During that time, enrolled members of the Osage Indian nation were among the wealthiest people per capita in the world. The rich oil fields beneath their reservation brought millions of dollars into the tribe annually, distributed to tribal members holding "headrights" that could not be bought or sold but only inherited. This vast wealth attracted the attention of unscrupulous whites who found ways to divert it to themselves by marrying Osage women or by having Osage declared legally incompetent so the whites could fleece them through the administration of their estates.
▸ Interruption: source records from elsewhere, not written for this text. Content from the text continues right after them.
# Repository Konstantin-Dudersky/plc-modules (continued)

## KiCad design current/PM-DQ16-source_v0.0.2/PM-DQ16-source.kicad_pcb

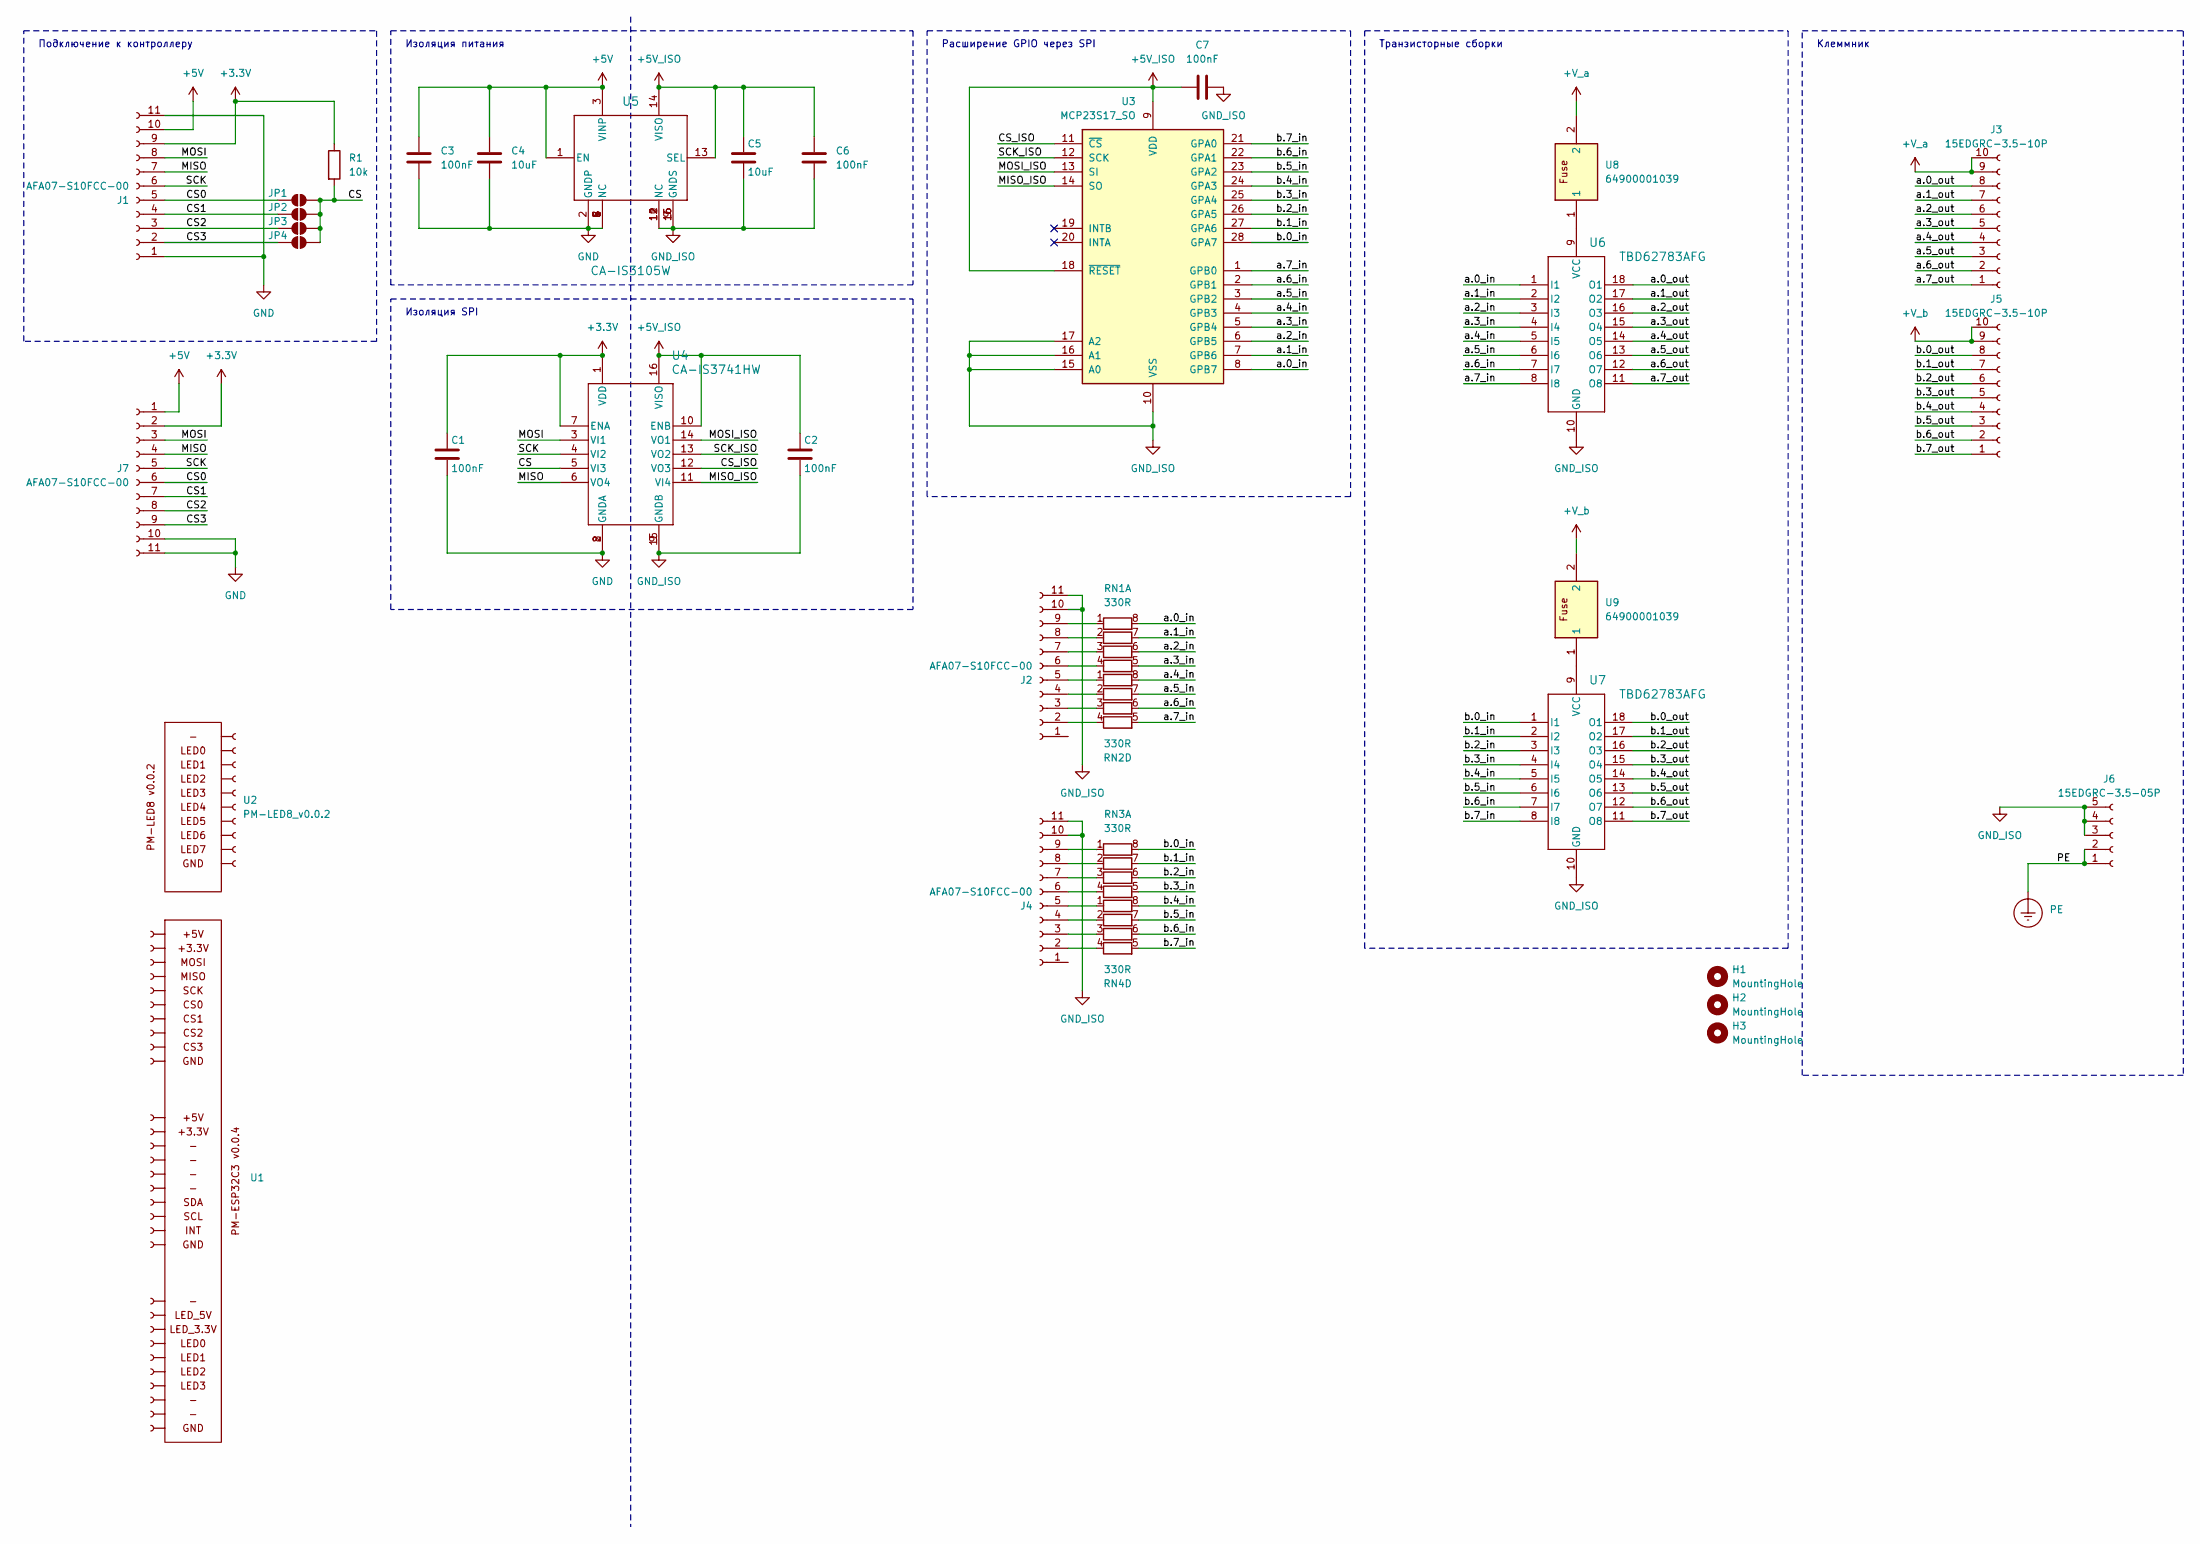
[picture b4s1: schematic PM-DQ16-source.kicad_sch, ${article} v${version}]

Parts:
C1, C2, C3, C6, C7: 100nF; C_0603_1608Metric; part_ipn C_100nF_16V_0603_MLCC-X7R
C4, C5: 10uF; C_0603_1608Metric; part_ipn C_10uF_16V_0603_MLCC-X5R
H1, H2, H3: MountingHole; MountingHole_3.2mm_M3
J1, J2, J4, J7: AFA07-S10FCC-00; CONN10_AFA07-S10_JUS; part_ipn AFA07-S10FCC-00
J3, J5: 15EDGRC-3.5-10P; part_ipn 15EDGRC-3.5-10P
J6: 15EDGRC-3.5-05P; part_ipn 15EDGRC-3.5-05P
JP1, JP2, JP3, JP4: SolderJumper_2_Open; SolderJumper-2_P1.3mm_Open_RoundedPad1.0x1.5mm
PE1: PE
R1: 10k; R_0603_1608Metric; part_ipn R_10k_0603_1%
RN1, RN2, RN3, RN4: 330R; R_Array_Convex_4x0603; part_ipn R_330R_0603x4_1%
U1: PM-ESP32C3_v0.0.4; part_ipn PM-ESP32C3_v0.0.4
U2: PM-LED8_v0.0.2; PM-LED_v0.0.2; part_ipn PM-LED8_v0.0.1
U3: MCP23S17_SO; SOIC-28W_7.5x17.9mm_P1.27mm; part_ipn MCP23S17-E/SO
U4: CA-IS3741HW; SOIC16-WBW_CLG-M; part_ipn CA-IS3741HW
U5: CA-IS3105W; SOIC16-WBW_CLG-M; part_ipn CA-IS3105W
U6, U7: TBD62783AFG; SOP18-P-375-1p27_TOS-M; part_ipn TBD62783AFG
U8, U9: 64900001039; Fuseholder; Manufacturer_Part_Number 64900001039; Mouser Part Number 576-64900001039

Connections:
+3.3V: C1.1, J1.9, J7.2, R1.1, U4.1 (VDD), U4.7 (ENA)
+5V: C3.1, C4.1, J1.10, J7.1, U5.1 (EN), U5.3 (VINP)
+5V_ISO: C2.1, C5.1, C6.1, C7.1, U3.9 (VDD), U3.18 (~RESET), U4.10 (ENB), U4.16 (VISO), U5.13 (SEL), U5.14 (VISO)
+V_a: J3.9, J3.10, U8.2
+V_b: J5.9, J5.10, U9.2
/CS: JP1.2 (B), JP2.2 (B), JP3.2 (B), JP4.2 (B), R1.2, U4.5 (VI3)
/CS0: J1.5, J7.6, JP1.1 (A)
/CS1: J1.4, J7.7, JP2.1 (A)
/CS2: J1.3, J7.8, JP3.1 (A)
/CS3: J1.2, J7.9, JP4.1 (A)
/CS_ISO: U3.11 (~CS), U4.12 (VO3)
/MISO: J1.7, J7.4, U4.6 (VO4)
/MISO_ISO: U3.14 (SO), U4.11 (VI4)
/MOSI: J1.8, J7.3, U4.3 (VI1)
/MOSI_ISO: U3.13 (SI), U4.14 (VO1)
/PE: J6.1, J6.2, PE1.1
/SCK: J1.6, J7.5, U4.4 (VI2)
/SCK_ISO: U3.12 (SCK), U4.13 (VO2)
/a.0_in: RN1.8 (R1.2), U3.8 (GPB7), U6.1 (I1)
/a.0_out: J3.8, U6.18 (O1)
/a.1_in: RN1.7 (R2.2), U3.7 (GPB6), U6.2 (I2)
/a.1_out: J3.7, U6.17 (O2)
/a.2_in: RN1.6 (R3.2), U3.6 (GPB5), U6.3 (I3)
/a.2_out: J3.6, U6.16 (O3)
/a.3_in: RN1.5 (R4.2), U3.5 (GPB4), U6.4 (I4)
/a.3_out: J3.5, U6.15 (O4)
/a.4_in: RN2.8 (R1.2), U3.4 (GPB3), U6.5 (I5)
/a.4_out: J3.4, U6.14 (O5)
/a.5_in: RN2.7 (R2.2), U3.3 (GPB2), U6.6 (I6)
/a.5_out: J3.3, U6.13 (O6)
/a.6_in: RN2.6 (R3.2), U3.2 (GPB1), U6.7 (I7)
/a.6_out: J3.2, U6.12 (O7)
/a.7_in: RN2.5 (R4.2), U3.1 (GPB0), U6.8 (I8)
/a.7_out: J3.1, U6.11 (O8)
/b.0_in: RN3.8 (R1.2), U3.28 (GPA7), U7.1 (I1)
/b.0_out: J5.8, U7.18 (O1)
/b.1_in: RN3.7 (R2.2), U3.27 (GPA6), U7.2 (I2)
/b.1_out: J5.7, U7.17 (O2)
/b.2_in: RN3.6 (R3.2), U3.26 (GPA5), U7.3 (I3)
/b.2_out: J5.6, U7.16 (O3)
/b.3_in: RN3.5 (R4.2), U3.25 (GPA4), U7.4 (I4)
/b.3_out: J5.5, U7.15 (O4)
/b.4_in: RN4.8 (R1.2), U3.24 (GPA3), U7.5 (I5)
/b.4_out: J5.4, U7.14 (O5)
/b.5_in: RN4.7 (R2.2), U3.23 (GPA2), U7.6 (I6)
/b.5_out: J5.3, U7.13 (O6)
/b.6_in: RN4.6 (R3.2), U3.22 (GPA1), U7.7 (I7)
/b.6_out: J5.2, U7.12 (O7)
/b.7_in: RN4.5 (R4.2), U3.21 (GPA0), U7.8 (I8)
/b.7_out: J5.1, U7.11 (O8)
GND: C1.2, C3.2, C4.2, J1.1, J1.11, J7.10, J7.11, U4.2 (GNDA), U4.8 (GNDA), U5.2 (GNDP), U5.4 (NC), U5.5 (NC), U5.6 (NC), U5.7 (NC), U5.8 (NC)
GND_ISO: C2.2, C5.2, C6.2, C7.2, J2.10, J2.11, J4.10, J4.11, J6.3, J6.4, J6.5, U3.10 (VSS), U3.15 (A0), U3.16 (A1), U3.17 (A2), U4.9 (GNDB), U4.15 (GNDB), U5.9 (GNDS), U5.10 (NC), U5.11 (NC), U5.12 (NC), U5.15 (GNDS), U5.16 (GNDS), U6.10 (GND), U7.10 (GND)
unnamed: J2.2, RN2.4 (R4.1)
unnamed: J2.3, RN2.3 (R3.1)
unnamed: J2.4, RN2.2 (R2.1)
unnamed: J2.5, RN2.1 (R1.1)
unnamed: J2.6, RN1.4 (R4.1)
unnamed: J2.7, RN1.3 (R3.1)
unnamed: J2.8, RN1.2 (R2.1)
unnamed: J2.9, RN1.1 (R1.1)
unnamed: J4.2, RN4.4 (R4.1)
unnamed: J4.3, RN4.3 (R3.1)
unnamed: J4.4, RN4.2 (R2.1)
unnamed: J4.5, RN4.1 (R1.1)
unnamed: J4.6, RN3.4 (R4.1)
unnamed: J4.7, RN3.3 (R3.1)
unnamed: J4.8, RN3.2 (R2.1)
unnamed: J4.9, RN3.1 (R1.1)
unnamed: U6.9 (VCC), U8.1
unnamed: U7.9 (VCC), U9.1

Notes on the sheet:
Изоляция SPI
Расширение GPIO через SPI
Подключение к контроллеру
Транзисторные сборки
Клеммник
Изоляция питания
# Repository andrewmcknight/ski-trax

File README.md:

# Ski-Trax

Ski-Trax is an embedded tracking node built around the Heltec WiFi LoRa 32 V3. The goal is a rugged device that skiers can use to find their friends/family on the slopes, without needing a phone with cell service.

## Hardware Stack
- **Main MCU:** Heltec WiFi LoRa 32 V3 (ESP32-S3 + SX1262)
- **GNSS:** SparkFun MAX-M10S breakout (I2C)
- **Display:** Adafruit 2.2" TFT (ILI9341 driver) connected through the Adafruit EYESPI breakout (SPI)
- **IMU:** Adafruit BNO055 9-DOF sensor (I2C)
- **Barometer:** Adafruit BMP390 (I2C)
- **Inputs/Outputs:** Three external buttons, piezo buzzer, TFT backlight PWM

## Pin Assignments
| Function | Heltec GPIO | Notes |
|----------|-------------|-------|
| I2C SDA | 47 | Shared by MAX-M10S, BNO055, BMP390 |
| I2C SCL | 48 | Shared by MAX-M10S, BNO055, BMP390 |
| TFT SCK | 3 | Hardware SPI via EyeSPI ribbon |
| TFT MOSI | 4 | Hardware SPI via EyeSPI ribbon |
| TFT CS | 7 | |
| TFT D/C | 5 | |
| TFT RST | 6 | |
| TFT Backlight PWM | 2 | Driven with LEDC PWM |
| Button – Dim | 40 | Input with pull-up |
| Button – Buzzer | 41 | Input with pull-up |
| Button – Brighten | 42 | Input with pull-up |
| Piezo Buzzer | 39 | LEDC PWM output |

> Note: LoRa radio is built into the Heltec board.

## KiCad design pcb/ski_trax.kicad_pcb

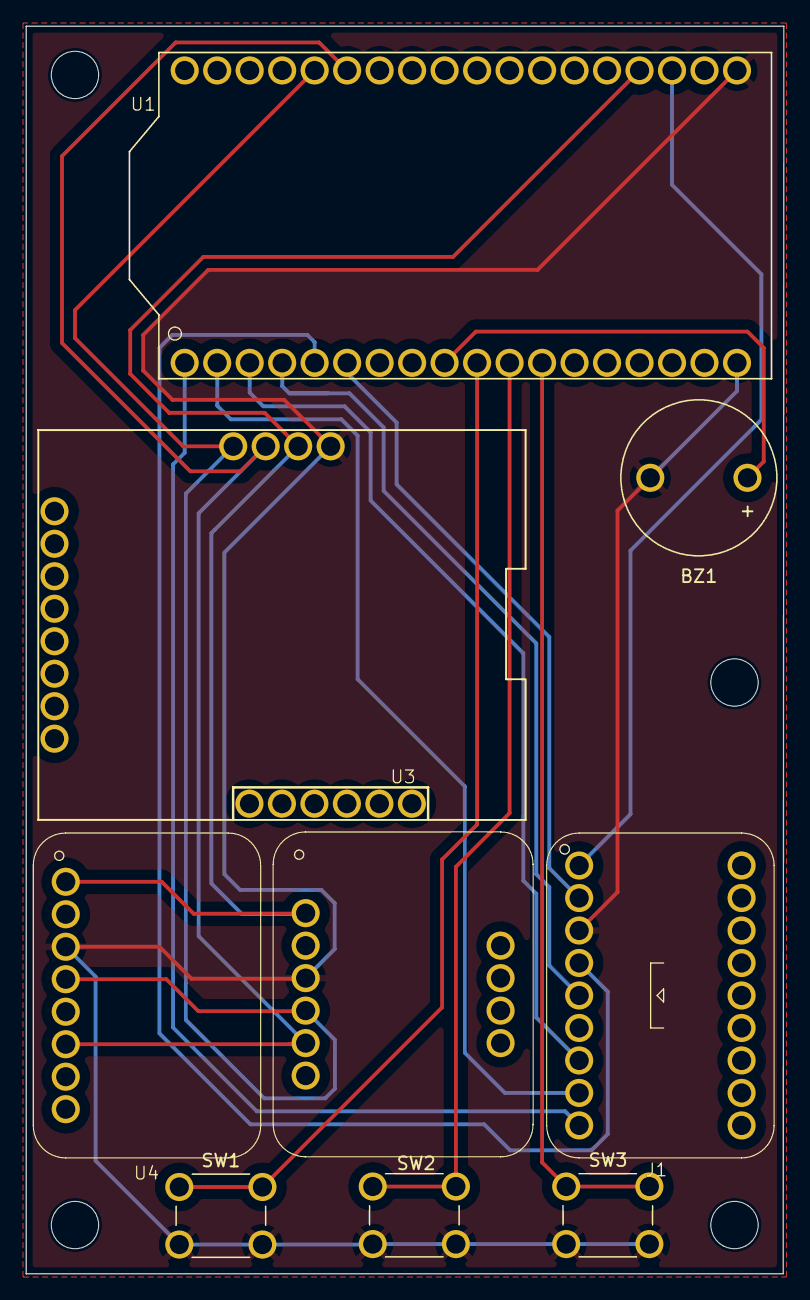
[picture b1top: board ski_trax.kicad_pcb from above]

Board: 2 copper layers, 59.2 x 97.5 mm, 9 parts (0 on the bottom side), 15 nets.

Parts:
BZ1: Buzzer; Buzzer_12x9.5RM7.6
J1: Adafruit_EYESPI_Breakout
SW1, SW2, SW3: SW_Push; SW_PUSH_6mm
U1: Heltec_WiFi_LoRa_32_v3
U2: sparkfun_max_m10s_breakout
U3: Adafruit_BNO055
U4: Adafruit_BMP390

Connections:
3V3_1: U1.22 (Ve), U2.16 (3V3), U3.1 (VIN), U4.1 (VIN)
3V3_2: J1.1 (VIN), U1.21 (Ve)
BUZ: BZ1.1 (+), U1.9 (39)
GND: BZ1.2 (-), J1.3 (Gnd), SW1.1, SW2.1, SW3.1, U1.18 (GND), U1.19 (GND), U2.15 (GND), U3.3 (GND), U4.3 (GND)
SCL: U1.32 (48), U2.18 (SCL), U3.4 (SCL), U4.4 (SCL)
SDA: U1.31 (47), U2.17 (SDA), U3.5 (SDA), U4.6 (SDA)
SW1: SW1.2, U1.10 (40)
SW2: SW2.2, U1.11 (41)
SW3: SW3.2, U1.12 (42)
TFT_CLK: J1.4 (SCK), U1.5 (3)
TFT_DC: J1.7 (DC), U1.3 (5)
TFT_LCDCS: J1.9 (TCS), U1.1 (7)
TFT_LITE: J1.2 (Lite), U1.6 (2)
TFT_MOSI: J1.5 (MOSI), U1.4
TFT_RST: J1.8 (RST), U1.2 (6)

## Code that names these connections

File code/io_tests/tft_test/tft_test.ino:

/*
 * ILI9341 Display Test for EyeSPI Breakout (Heltec WiFi LoRa 32 V3)
 * -----------------------------------------------------------------
 * Core TFT pin mapping (EyeSPI -> Heltec):
 *   - VCC  -> 3V3
 *   - GND  -> GND
 *   - SCK  -> GPIO3
 *   - MOSI -> GPIO4
 *   - CS   -> GPIO7
 *   - D/C  -> GPIO5
 *   - RST  -> GPIO6
 *   - MISO -> not connected
 */

// **Working as of 11/11/25**

#include <Adafruit_GFX.h>
#include <Adafruit_ILI9341.h>
#include <SPI.h>

// EyeSPI -> Heltec WiFi LoRa 32 V3 pin assignments
#define TFT_CS   7
#define TFT_RST  6
#define TFT_DC   5
#define TFT_MOSI 4
#define TFT_SCK  3
#define TFT_MISO -1  // Not used (write-only TFT)

#define VEXT_CTRL 36

// Safe SPI clock (ILI9341 supports up to 40 MHz)
#define TFT_SPI_FREQUENCY  20000000UL

SPIClass tftSpi(HSPI);  // Dedicated HSPI bus so we don't disturb the SX1262 SPI wiring
Adafruit_ILI9341 tft(&tftSpi, TFT_DC, TFT_CS, TFT_RST);

static void configureSpiPins() {
  tftSpi.begin(TFT_SCK, TFT_MISO, TFT_MOSI, TFT_CS);
}

static void runScreenTest() {
  tft.fillScreen(ILI9341_BLACK);
  delay(250);
  tft.fillScreen(ILI9341_RED);
  delay(250);
  tft.fillScreen(ILI9341_GREEN);
  delay(250);
  tft.fillScreen(ILI9341_BLUE);
  delay(250);
  tft.fillScreen(ILI9341_BLACK);

  tft.drawRect(0, 0, tft.width(), tft.height(), ILI9341_WHITE);
  tft.setTextSize(2);
  tft.setTextColor(ILI9341_YELLOW, ILI9341_BLACK);
  tft.setCursor(8, 8);
  tft.print("EyeSPI TFT Test");

  tft.setTextSize(1);
  tft.setCursor(8, 32);
  tft.setTextColor(ILI9341_CYAN, ILI9341_BLACK);
  tft.print("CS="), tft.print(TFT_CS);
  tft.print("  DC="), tft.print(TFT_DC);
  tft.print("  RST="), tft.print(TFT_RST);

  tft.setCursor(8, 48);
  tft.print("MOSI="), tft.print(TFT_MOSI);
  tft.print("  SCK="), tft.print(TFT_SCK);

  tft.drawLine(0, 0, tft.width(), tft.height(), ILI9341_MAGENTA);
  tft.drawLine(0, tft.height(), tft.width(), 0, ILI9341_MAGENTA);
}

void setup() {
  Serial.begin(115200);
  delay(200);

  // === ENABLE VEXT POWER RAIL ===
  pinMode(VEXT_CTRL, OUTPUT);
  digitalWrite(VEXT_CTRL, LOW);   // Turn on Vext 3.3V output
  delay(50); // give sensors time to power up
  // ===============================

  Serial.println("\n=== EyeSPI ILI9341 Test (Core TFT Pins) ===");
  Serial.printf("CS=%d  DC=%d  RST=%d  MOSI=%d  SCK=%d\n",
                TFT_CS, TFT_DC, TFT_RST, TFT_MOSI, TFT_SCK);

  configureSpiPins();

  Serial.println("Initialising display...");
  tft.begin(TFT_SPI_FREQUENCY);
  tft.setRotation(1);
  runScreenTest();
  Serial.println("Display initialised!");
}

void loop() {
  static uint32_t lastBlink = 0;
  static bool on = false;

  if (millis() - lastBlink > 500) {
    lastBlink = millis();
    on = !on;
    tft.drawPixel(4, 4, on ? ILI9341_GREEN : ILI9341_BLACK);
    Serial.print(on ? "*" : ".");
  }
}

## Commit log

2025-10-23 GPS and LoRa working
2025-11-03 Update repo
2025-11-10 Update repo structure
2025-11-10 Add missing files
2025-11-11 Add full-stack I/O validation sketches
2025-11-11 Change TFT connectivity to EYESPI
2025-11-11 Add EyeSPI-specific TFT diagnostic sketch
2025-11-11 Update documentation
2025-11-11 Update EyeSPI TFT pin map for Heltec WiFi LoRa 32 V3
2025-11-11 Fix tft test
2025-11-11 Update full stack test controls and layout
2025-11-11 Draft project overview README
2025-11-13 Add PCB files
2025-11-16 Update PCB files
2025-11-18 CompassPics
2025-11-19 NewNewCompass
2025-11-19 Organize compass files
2025-11-19 Start firmware skeleton
2025-11-19 Clean up repo structure
2025-11-19 Fix folder mistake
2025-11-19 NeedlePics
2025-11-19 (LOWER RES)
2025-11-20 SatImage
2025-11-20 Full UI Rendering
2025-11-21 Update code
2025-11-21 Fix compass needle
2025-11-21 Fixed joey and molly tracking
2025-11-21 Add images

For some, however, these deceptive tactics were not enough, and a plague of violent death—by shooting, poison, orchestrated automobile accident, and bombing—began to decimate the Osage in what they came to call the "Reign of Terror." Corrupt and incompetent law enforcement and judicial systems ensured that the perpetrators were never found or punished until the young J. Edgar Hoover saw cracking these cases as a means of burnishing the reputation of the newly professionalized FBI. Bestselling New Yorkerstaff writer Grann (The Devil and Sherlock Holmes: Tales of Murder, Madness, and Obsession, 2010, etc.) follows Special Agent Tom White and his assistants as they track the killers of one extended Osage family through a closed local culture of greed, bigotry, and lies in pursuit of protection for the survivors and justice for the dead. But he doesn't stop there; relying almost entirely on primary and unpublished sources, the author goes on to expose a web of conspiracy and corruption that extended far wider than even the FBI ever suspected. This page-turner surges forward with the pacing of a true-crime thriller, elevated by Grann's crisp and evocative prose and enhanced by dozens of period photographs.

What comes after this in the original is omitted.